Only the lines below, from the one with "#18587 = LINE ( 'NONE', #23807, #13237 ) ;" through the one with "#22111 = CARTESIAN_POINT", are to be written out, exactly.

>>

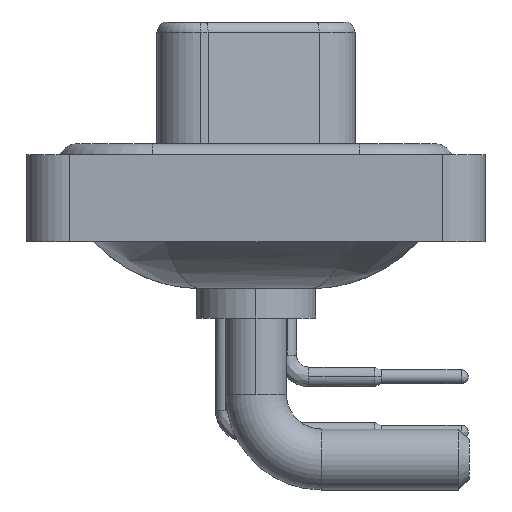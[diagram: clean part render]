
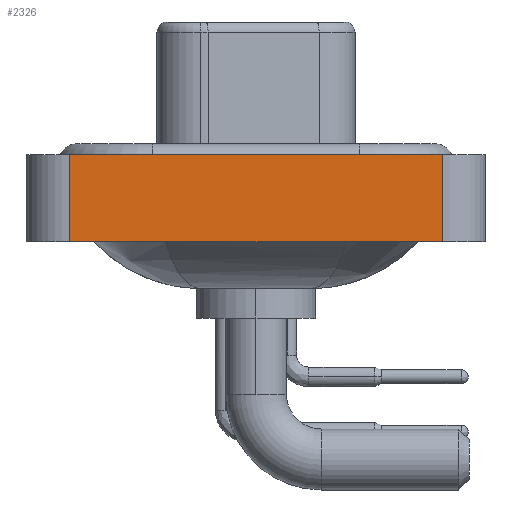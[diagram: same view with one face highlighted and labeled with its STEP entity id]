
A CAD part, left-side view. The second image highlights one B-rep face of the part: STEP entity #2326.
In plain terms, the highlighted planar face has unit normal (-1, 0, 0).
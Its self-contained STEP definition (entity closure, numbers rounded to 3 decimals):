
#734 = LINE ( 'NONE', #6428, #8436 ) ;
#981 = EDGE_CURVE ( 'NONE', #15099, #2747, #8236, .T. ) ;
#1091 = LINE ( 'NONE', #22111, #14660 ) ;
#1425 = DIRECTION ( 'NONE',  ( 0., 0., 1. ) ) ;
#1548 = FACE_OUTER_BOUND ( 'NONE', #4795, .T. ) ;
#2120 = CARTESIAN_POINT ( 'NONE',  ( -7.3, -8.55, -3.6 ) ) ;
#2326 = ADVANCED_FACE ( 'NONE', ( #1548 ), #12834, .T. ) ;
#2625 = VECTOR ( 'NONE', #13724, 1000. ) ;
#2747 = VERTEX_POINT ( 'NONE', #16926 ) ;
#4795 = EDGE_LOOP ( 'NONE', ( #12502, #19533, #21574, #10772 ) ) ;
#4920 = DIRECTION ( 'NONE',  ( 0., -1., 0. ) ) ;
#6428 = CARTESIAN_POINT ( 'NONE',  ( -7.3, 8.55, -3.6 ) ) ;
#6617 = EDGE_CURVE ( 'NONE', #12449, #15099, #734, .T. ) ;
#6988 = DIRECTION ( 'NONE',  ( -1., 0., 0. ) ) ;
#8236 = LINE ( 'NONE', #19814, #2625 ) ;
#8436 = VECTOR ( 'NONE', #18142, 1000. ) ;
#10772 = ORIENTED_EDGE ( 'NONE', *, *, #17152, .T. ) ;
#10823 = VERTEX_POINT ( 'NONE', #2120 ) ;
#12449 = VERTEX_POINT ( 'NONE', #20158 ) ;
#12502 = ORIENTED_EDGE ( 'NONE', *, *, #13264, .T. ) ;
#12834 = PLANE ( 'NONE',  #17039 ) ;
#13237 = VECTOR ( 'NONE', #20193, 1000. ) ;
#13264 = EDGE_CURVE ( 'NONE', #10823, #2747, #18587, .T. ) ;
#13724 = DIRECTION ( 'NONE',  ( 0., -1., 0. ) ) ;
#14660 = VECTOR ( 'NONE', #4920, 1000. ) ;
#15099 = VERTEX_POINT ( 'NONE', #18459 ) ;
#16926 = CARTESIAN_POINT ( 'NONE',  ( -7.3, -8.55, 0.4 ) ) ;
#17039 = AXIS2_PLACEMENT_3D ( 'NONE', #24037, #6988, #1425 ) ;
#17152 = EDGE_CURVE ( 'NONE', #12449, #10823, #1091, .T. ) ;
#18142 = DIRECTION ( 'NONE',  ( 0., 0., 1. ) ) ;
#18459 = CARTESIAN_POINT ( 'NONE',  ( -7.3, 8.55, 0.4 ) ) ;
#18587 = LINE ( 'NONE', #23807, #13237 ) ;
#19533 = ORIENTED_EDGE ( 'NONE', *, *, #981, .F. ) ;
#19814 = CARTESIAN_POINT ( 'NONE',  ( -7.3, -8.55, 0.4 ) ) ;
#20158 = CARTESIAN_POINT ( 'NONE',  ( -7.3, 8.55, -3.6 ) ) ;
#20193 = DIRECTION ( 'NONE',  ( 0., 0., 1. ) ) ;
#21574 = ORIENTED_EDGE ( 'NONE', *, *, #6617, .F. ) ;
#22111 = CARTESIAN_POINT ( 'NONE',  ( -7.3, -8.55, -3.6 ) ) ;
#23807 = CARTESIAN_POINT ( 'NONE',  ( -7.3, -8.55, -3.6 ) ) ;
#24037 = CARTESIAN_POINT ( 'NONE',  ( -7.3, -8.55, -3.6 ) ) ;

<<

- _EXERCISE SOLUTION_:
#18587 = LINE ( 'NONE', #23807, #13237 ) ;
#19533 = ORIENTED_EDGE ( 'NONE', *, *, #981, .F. ) ;
#19814 = CARTESIAN_POINT ( 'NONE',  ( -7.3, -8.55, 0.4 ) ) ;
#20158 = CARTESIAN_POINT ( 'NONE',  ( -7.3, 8.55, -3.6 ) ) ;
#20193 = DIRECTION ( 'NONE',  ( 0., 0., 1. ) ) ;
#21574 = ORIENTED_EDGE ( 'NONE', *, *, #6617, .F. ) ;
#22111 = CARTESIAN_POINT ( 'NONE',  ( -7.3, -8.55, -3.6 ) ) ;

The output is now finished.